__Problem details__
When you reach the line containing "#79=CARTESIAN_POINT('',(5.7441980063906,6.36020421439922,5.7));" in the entries below, begin reproducing lines exactly, and stop once the line containing "#92=CARTESIAN_POINT('',(8.18216588464953,2.54954290703133,5.7));" is done.

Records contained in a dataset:
· · · · · · ·

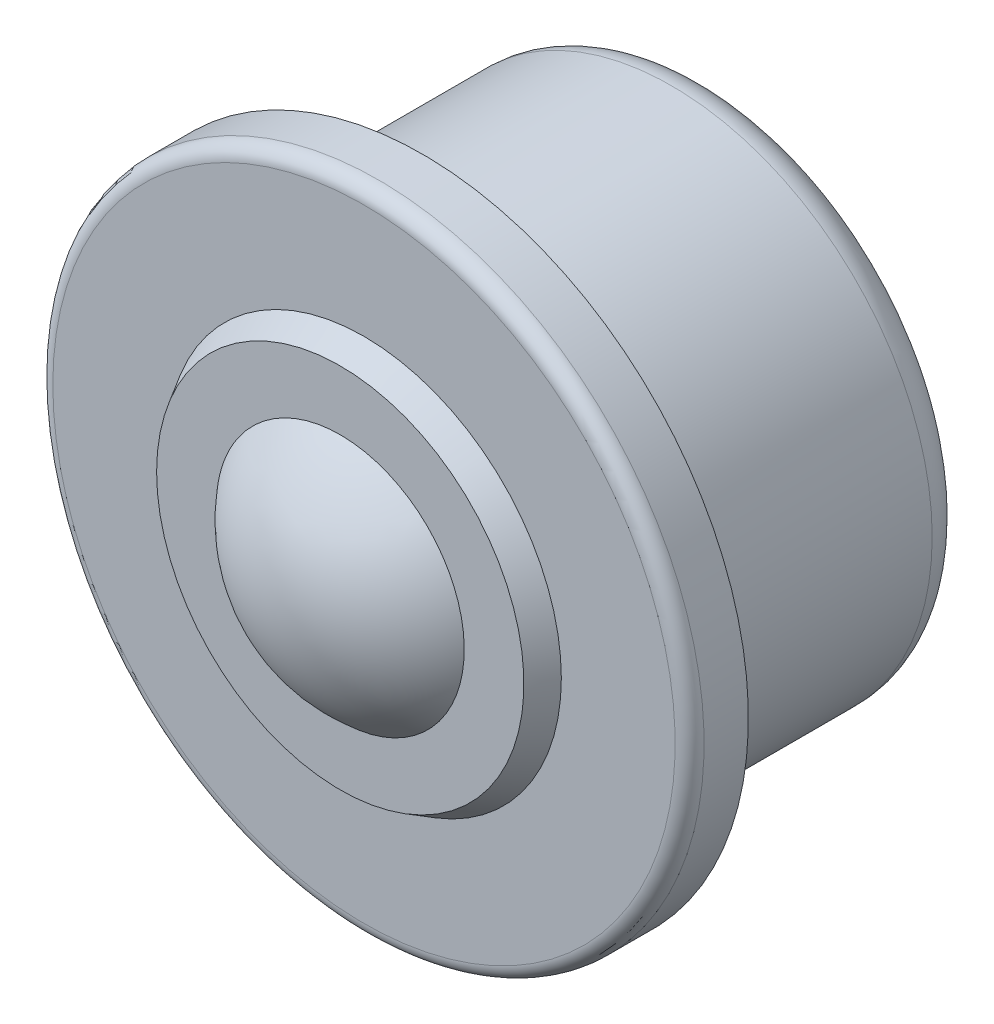
ISO-10303-21;
HEADER;
FILE_DESCRIPTION(('STEP AP214'),'2;1');
FILE_NAME('part.step','',(''),(''),'','','');
FILE_SCHEMA(('AUTOMOTIVE_DESIGN { 1 0 10303 214 1 1 1 1 }'));
ENDSEC;
DATA;
#1=APPLICATION_CONTEXT('core data for automotive mechanical design processes');
#2=APPLICATION_PROTOCOL_DEFINITION('international standard','automotive_design',2000,#1);
#3=PRODUCT_CONTEXT('',#1,'mechanical');
#4=PRODUCT('Part','Part','',(#3));
#5=PRODUCT_RELATED_PRODUCT_CATEGORY('part','',(#4));
#6=PRODUCT_DEFINITION_FORMATION('','',#4);
#7=PRODUCT_DEFINITION_CONTEXT('part definition',#1,'design');
#8=PRODUCT_DEFINITION('design','',#6,#7);
#9=PRODUCT_DEFINITION_SHAPE('','',#8);
#10=(LENGTH_UNIT() NAMED_UNIT(*) SI_UNIT(.MILLI.,.METRE.));
#11=(NAMED_UNIT(*) PLANE_ANGLE_UNIT() SI_UNIT($,.RADIAN.));
#12=(NAMED_UNIT(*) SI_UNIT($,.STERADIAN.) SOLID_ANGLE_UNIT());
#13=UNCERTAINTY_MEASURE_WITH_UNIT(LENGTH_MEASURE(1.E-05),#10,'distance_accuracy_value','');
#14=(GEOMETRIC_REPRESENTATION_CONTEXT(3) GLOBAL_UNCERTAINTY_ASSIGNED_CONTEXT((#13)) GLOBAL_UNIT_ASSIGNED_CONTEXT((#10,
#11,#12)) REPRESENTATION_CONTEXT('',''));
#15=CARTESIAN_POINT('',(0.,0.,0.));
#16=DIRECTION('',(0.,0.,1.));
#17=DIRECTION('',(1.,0.,0.));
#18=AXIS2_PLACEMENT_3D('',#15,#16,#17);
#19=CARTESIAN_POINT('',(0.,0.,-1.19999998087211));
#20=DIRECTION('',(1.,0.,0.));
#21=DIRECTION('',(0.,1.,0.));
#22=AXIS2_PLACEMENT_3D('',#19,#20,#21);
#23=SPHERICAL_SURFACE('',#22,10.9999999867639);
#24=CARTESIAN_POINT('',(-8.56679636578171,0.,5.7));
#25=CARTESIAN_POINT('',(-8.5667980927726,0.240686989194574,5.7));
#26=CARTESIAN_POINT('',(-8.55664892448667,0.481345637660275,5.7));
#27=CARTESIAN_POINT('',(-8.51612310031646,0.96103270341007,5.7));
#28=CARTESIAN_POINT('',(-8.48574112305501,1.20006067510178,5.7));
#29=CARTESIAN_POINT('',(-8.40491488099617,1.67495927640874,5.7));
#30=CARTESIAN_POINT('',(-8.35444920988333,1.91082625869168,5.7));
#31=CARTESIAN_POINT('',(-8.23381496574094,2.37747078518052,5.7));
#32=CARTESIAN_POINT('',(-8.1636461553905,2.60824826804819,5.7));
#33=CARTESIAN_POINT('',(-8.00414451829029,3.06295483504364,5.7));
#34=CARTESIAN_POINT('',(-7.91482113713638,3.28688723269123,5.7));
#35=CARTESIAN_POINT('',(-7.71762360518375,3.72643375455393,5.7));
#36=CARTESIAN_POINT('',(-7.60974916146404,3.94204774735571,5.7));
#37=CARTESIAN_POINT('',(-7.37626788650457,4.36332960347386,5.7));
#38=CARTESIAN_POINT('',(-7.25066869691487,4.56900170199427,5.7));
#39=CARTESIAN_POINT('',(-6.98254890542435,4.96910694620137,5.7));
#40=CARTESIAN_POINT('',(-6.84002246132505,5.16353617694795,5.7));
#41=CARTESIAN_POINT('',(-6.53910776918052,5.53968175816775,5.7));
#42=CARTESIAN_POINT('',(-6.38072072762854,5.72139907383491,5.7));
#43=CARTESIAN_POINT('',(-6.04919916779965,6.0708480101663,5.7));
#44=CARTESIAN_POINT('',(-5.87606441924627,6.23857941236805,5.7));
#45=CARTESIAN_POINT('',(-5.51627675919145,6.55886417473872,5.7));
#46=CARTESIAN_POINT('',(-5.32962357095064,6.71141722403593,5.7));
#47=CARTESIAN_POINT('',(-4.94412489085363,7.00026000508106,5.7));
#48=CARTESIAN_POINT('',(-4.7452791297642,7.13654937750277,5.7));
#49=CARTESIAN_POINT('',(-4.33685429146332,7.3918659666588,5.7));
#50=CARTESIAN_POINT('',(-4.12727739891287,7.51089667818132,5.7));
#51=CARTESIAN_POINT('',(-3.69876837103764,7.73092104501002,5.7));
#52=CARTESIAN_POINT('',(-3.47983302183353,7.83190844120192,5.7));
#53=CARTESIAN_POINT('',(-3.03427276242032,8.01506053474282,5.7));
#54=CARTESIAN_POINT('',(-2.80764926554908,8.0972286704017,5.7));
#55=CARTESIAN_POINT('',(-2.34828226491216,8.24218288418291,5.7));
#56=CARTESIAN_POINT('',(-2.1155386659324,8.30496866056846,5.7));
#57=CARTESIAN_POINT('',(-1.64559355233376,8.41070913986245,5.7));
#58=CARTESIAN_POINT('',(-1.40839211323019,8.45366417838674,5.7));
#59=CARTESIAN_POINT('',(-0.931208502606138,8.51944010015609,5.7));
#60=CARTESIAN_POINT('',(-0.69122626974022,8.54226053836367,5.7));
#61=CARTESIAN_POINT('',(-0.21023721583198,8.56760104720299,5.7));
#62=CARTESIAN_POINT('',(0.0307694064026644,8.5701248916721,5.70000000000001));
#63=CARTESIAN_POINT('',(0.512222262264283,8.55486153016511,5.7));
#64=CARTESIAN_POINT('',(0.752668272977411,8.53706729159761,5.69999999999999));
#65=CARTESIAN_POINT('',(1.23116275026479,8.48128792752323,5.69999999999999));
#66=CARTESIAN_POINT('',(1.46921164167782,8.44330644631576,5.7));
#67=CARTESIAN_POINT('',(1.94126732495833,8.34742412489613,5.7));
#68=CARTESIAN_POINT('',(2.17527405384199,8.28952297459497,5.7));
#69=CARTESIAN_POINT('',(2.6375737893437,8.15421429919541,5.7));
#70=CARTESIAN_POINT('',(2.86586689746376,8.07680712089081,5.7));
#71=CARTESIAN_POINT('',(3.31512571543614,7.90303424913497,5.7));
#72=CARTESIAN_POINT('',(3.53609126321938,7.80666813668131,5.69999999999999));
#73=CARTESIAN_POINT('',(3.96907867790102,7.59568311395381,5.69999999999999));
#74=CARTESIAN_POINT('',(4.18110218703786,7.48106757388135,5.7));
#75=CARTESIAN_POINT('',(4.59481367198839,7.23434274101107,5.7));
#76=CARTESIAN_POINT('',(4.79649804390831,7.10222740508132,5.7));
#77=CARTESIAN_POINT('',(5.18798244932155,6.82149871881538,5.7));
#78=CARTESIAN_POINT('',(5.37778463013103,6.67288836295207,5.7));
#79=CARTESIAN_POINT('',(5.7441980063906,6.36020421439922,5.7));
#80=CARTESIAN_POINT('',(5.92080899647268,6.19613018105223,5.69999999999999));
#81=CARTESIAN_POINT('',(6.25957791163177,5.85369034292158,5.69999999999999));
#82=CARTESIAN_POINT('',(6.42173610686619,5.67532480539883,5.7));
#83=CARTESIAN_POINT('',(6.73045375561549,5.30556321484546,5.7));
#84=CARTESIAN_POINT('',(6.87701286427944,5.11416687389455,5.7));
#85=CARTESIAN_POINT('',(7.15346076591904,4.71974433199582,5.7));
#86=CARTESIAN_POINT('',(7.28335262329569,4.51672027884792,5.7));
#87=CARTESIAN_POINT('',(7.52561652099298,4.10038090332757,5.7));
#88=CARTESIAN_POINT('',(7.6379824756788,3.88706203973839,5.7));
#89=CARTESIAN_POINT('',(7.84432327432396,3.4517531613858,5.7));
#90=CARTESIAN_POINT('',(7.93830131208396,3.22976466050272,5.7));
#91=CARTESIAN_POINT('',(8.10722262920642,2.77865953780393,5.7));
#92=CARTESIAN_POINT('',(8.18216588464953,2.54954290703133,5.7));
#93=CARTESIAN_POINT('',(8.31248373061242,2.08581403292843,5.7));
#94=CARTESIAN_POINT('',(8.36785860232735,1.8512018686199,5.7));
#95=CARTESIAN_POINT('',(8.45864875768908,1.37814016268244,5.7));
#96=CARTESIAN_POINT('',(8.49406349451281,1.13969051610682,5.7));
#97=CARTESIAN_POINT('',(8.54467925431181,0.660655403559458,5.7));
#98=CARTESIAN_POINT('',(8.55988027728708,0.42006993758772,5.7));
#99=CARTESIAN_POINT('',(8.56996040061272,-0.0615197436231701,5.7));
#100=CARTESIAN_POINT('',(8.56484005764389,-0.3025239472107,5.7));
#101=CARTESIAN_POINT('',(8.53431488061966,-0.783247800603466,5.7));
#102=CARTESIAN_POINT('',(8.50890975506376,-1.02296743189904,5.7));
#103=CARTESIAN_POINT('',(8.43799531715856,-1.49941405598202,5.7));
#104=CARTESIAN_POINT('',(8.39248603007231,-1.7361410525296,5.7));
#105=CARTESIAN_POINT('',(8.28167715466172,-2.20496056778932,5.7));
#106=CARTESIAN_POINT('',(8.21637412667664,-2.43705227352525,5.7));
#107=CARTESIAN_POINT('',(8.06647097161469,-2.89482876466326,5.7));
#108=CARTESIAN_POINT('',(7.98187753586838,-3.12051574124365,5.7));
#109=CARTESIAN_POINT('',(7.79396482873663,-3.56400350700186,5.7));
#110=CARTESIAN_POINT('',(7.69064211174948,-3.78180283623902,5.7));
#111=CARTESIAN_POINT('',(7.46601834347977,-4.2079182938631,5.7));
#112=CARTESIAN_POINT('',(7.34471768960566,-4.41623463174176,5.7));
#113=CARTESIAN_POINT('',(7.08499626941382,-4.82191209538812,5.7));
#114=CARTESIAN_POINT('',(6.94657518304938,-5.019273016257,5.7));
#115=CARTESIAN_POINT('',(6.65360109852603,-5.40162929625755,5.7));
#116=CARTESIAN_POINT('',(6.49904835149524,-5.58662484781243,5.7));
#117=CARTESIAN_POINT('',(6.17487847551619,-5.94297092465639,5.7));
#118=CARTESIAN_POINT('',(6.00525862085303,-6.11431897036631,5.7));
#119=CARTESIAN_POINT('',(5.65224600762324,-6.44205732765076,5.7));
#120=CARTESIAN_POINT('',(5.46885803632537,-6.59845279573105,5.7));
#121=CARTESIAN_POINT('',(5.08952586883383,-6.89526904830861,5.7));
#122=CARTESIAN_POINT('',(4.893579362326,-7.03568688023873,5.7));
#123=CARTESIAN_POINT('',(4.49055811474735,-7.29951328241327,5.7));
#124=CARTESIAN_POINT('',(4.2834836197343,-7.42292222853667,5.7));
#125=CARTESIAN_POINT('',(3.85967077551748,-7.65185924205825,5.7));
#126=CARTESIAN_POINT('',(3.64293225457648,-7.75738699153363,5.7));
#127=CARTESIAN_POINT('',(3.20133916182453,-7.94980717787593,5.7));
#128=CARTESIAN_POINT('',(2.97648471641221,-8.03669990482132,5.7));
#129=CARTESIAN_POINT('',(2.52021387468888,-8.19124834785504,5.7));
#130=CARTESIAN_POINT('',(2.28879630129642,-8.25890058890587,5.7));
#131=CARTESIAN_POINT('',(1.821164947785,-8.37444599052304,5.7));
#132=CARTESIAN_POINT('',(1.58495285540247,-8.42234598179784,5.7));
#133=CARTESIAN_POINT('',(1.10928923735243,-8.49808721119983,5.7));
#134=CARTESIAN_POINT('',(0.869837117406162,-8.5259247172759,5.70000000000001));
#135=CARTESIAN_POINT('',(0.389444290904035,-8.56132814052998,5.7));
#136=CARTESIAN_POINT('',(0.148503617366007,-8.56889450573863,5.69999999999998));
#137=CARTESIAN_POINT('',(-0.333162769372863,-8.56370310491807,5.69999999999998));
#138=CARTESIAN_POINT('',(-0.573888478866498,-8.5509449949022,5.7));
#139=CARTESIAN_POINT('',(-1.05340564152086,-8.50519506498972,5.70000000000001));
#140=CARTESIAN_POINT('',(-1.29219712473299,-8.47220356006567,5.7));
#141=CARTESIAN_POINT('',(-1.7661954266735,-8.38621377058864,5.7));
#142=CARTESIAN_POINT('',(-2.00140158184804,-8.33321182827746,5.7));
#143=CARTESIAN_POINT('',(-2.46643113948088,-8.20760044544635,5.7));
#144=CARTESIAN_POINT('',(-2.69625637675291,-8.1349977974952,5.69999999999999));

· · · · · · ·

__Answer__
#79=CARTESIAN_POINT('',(5.7441980063906,6.36020421439922,5.7));
#80=CARTESIAN_POINT('',(5.92080899647268,6.19613018105223,5.69999999999999));
#81=CARTESIAN_POINT('',(6.25957791163177,5.85369034292158,5.69999999999999));
#82=CARTESIAN_POINT('',(6.42173610686619,5.67532480539883,5.7));
#83=CARTESIAN_POINT('',(6.73045375561549,5.30556321484546,5.7));
#84=CARTESIAN_POINT('',(6.87701286427944,5.11416687389455,5.7));
#85=CARTESIAN_POINT('',(7.15346076591904,4.71974433199582,5.7));
#86=CARTESIAN_POINT('',(7.28335262329569,4.51672027884792,5.7));
#87=CARTESIAN_POINT('',(7.52561652099298,4.10038090332757,5.7));
#88=CARTESIAN_POINT('',(7.6379824756788,3.88706203973839,5.7));
#89=CARTESIAN_POINT('',(7.84432327432396,3.4517531613858,5.7));
#90=CARTESIAN_POINT('',(7.93830131208396,3.22976466050272,5.7));
#91=CARTESIAN_POINT('',(8.10722262920642,2.77865953780393,5.7));
#92=CARTESIAN_POINT('',(8.18216588464953,2.54954290703133,5.7));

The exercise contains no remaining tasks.